CUDA 11.2 features the powerful link time optimization (LTO) feature for device code in GPU-accelerated applications. Device LTO brings the performance advantages of device code optimization that were only possible in the nvcc whole program compilation mode to the nvcc separate compilation mode, which was introduced in CUDA 5.0.Separate compilation mode allows CUDA device kernel…

rkobus · February 15, 2021, 10:08am

Figure 2 seems to be wrong, it’s the same as Figure 1. Also it would be nice to get the figures in a higher resolution.

jwitsoe · February 17, 2021, 9:41pm

@rkobus – Sorry about that! It’s fixed now. Hope the larger size helps as well. Thanks for the feedback!

phw89 · May 5, 2021, 1:29pm

echobrad · May 14, 2021, 3:28pm

Is the MonteCarlo benchmark in the CUDA 11.2 sample code?

mmurphy1 · May 15, 2021, 5:06am

No. It was used for some internal benchmarking. Unfortunately most of the sample code does not involve separate compilation so are not good tests for LTO.

mmurphy1 · May 15, 2021, 5:12am

Good question. We are working on support for JIT LTO, but in 11.2 it is not supported. So in the example you give at JIT time it will JIT each individual PTX to cubin and then do a cubin link. This is the same as we have always done for JIT linking. But we should have more support for JIT LTO in future releases.

phw89 · May 20, 2021, 2:24pm

@mmurphy1 Thanks for the reply - I look forward to seeing more information in the future :)

Would you also be able to shed any light on the following: Using device link-time optimization results in much larger fatbinaries

echobrad · September 13, 2021, 8:52pm

@mmurphy1 Are there any reasons that DLTO cannot achieve the same runtime performance as the whole program compilation? Performing DLTO should be able to inline and optimize all functions thus will generate the same code as the whole program compilation, unless the linker does not always inline and optimize the code (since DLTO doesn’t have enough memory to perform the linking?).

mmurphy1 · September 21, 2021, 6:05pm

DLTO should provide the same runtime performance as whole program. If doing “partial LTO” where some objects were not compiled with -dlto then the scope of optimization will be smaller.

epk · May 16, 2022, 8:28pm

but in 11.2 it is not supported.

Ok, is it supported in 11.7?

mmurphy1 · May 17, 2022, 8:10pm

JIT LTO is supported as of 11.4, but only as a preview feature. There will be a change to the interface in 12.0 to better support our compatibility guarantees.

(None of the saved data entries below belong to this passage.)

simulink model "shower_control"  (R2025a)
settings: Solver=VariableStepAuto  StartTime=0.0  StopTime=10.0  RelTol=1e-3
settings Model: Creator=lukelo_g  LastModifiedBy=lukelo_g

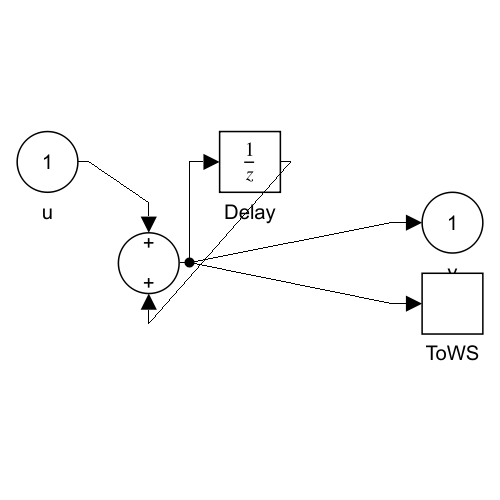
[thumbnail: Simulink's stored preview of the top-level diagram]
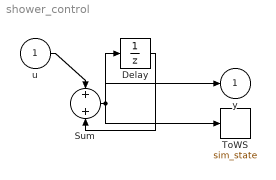
== system shower_control ==
  u : Inport
  Delay : UnitDelay  InitialCondition=36  SampleTime=-1  HasFrameUpgradeWarning=on
  Sum : Sum
  ToWS : ToWorkspace  VariableName=sim_state  SampleTime=-1
  y : Outport
  wires:
  u/1 -> Sum/1
  Delay/1 -> Sum/2
  Sum/1 -> Delay/1, y/1, ToWS/1

phw89 · November 15, 2022, 11:45am

Thanks! However, judging by the release notes for 11.4, it looks to be more for manual JIT (i.e. explicitly invoking nvcc), whereas I was thinking more about the “automatic” JIT that the NVIDIA GPU driver performs if a fatbinary doesn’t include SASS for the target GPU arch. Do you know how/if the driver handles DLTO JIT?

mmurphy1 · November 15, 2022, 5:38pm

That is correct, JIT LTO is only supported manually at this time, not as part of the automatic or implicit runtime. JIT linking at the ELF level is supported in the runtime. By default when you compile with -dlto -dc it stores both LTO-IR and PTX in the fatbinary, so if you update your chip it will then do JIT compile and link of the PTX and it will work functionally, but you won’t get the LTO optimization from that. This is something that we may release later, depending on customer feedback.

phw89 · November 16, 2022, 1:00pm

Thanks for the clarification :) Having the driver automatically perform LTO when JIT compiling/linking from PTX/LTO-IR would be a great feature from our point of view, so fingers crossed!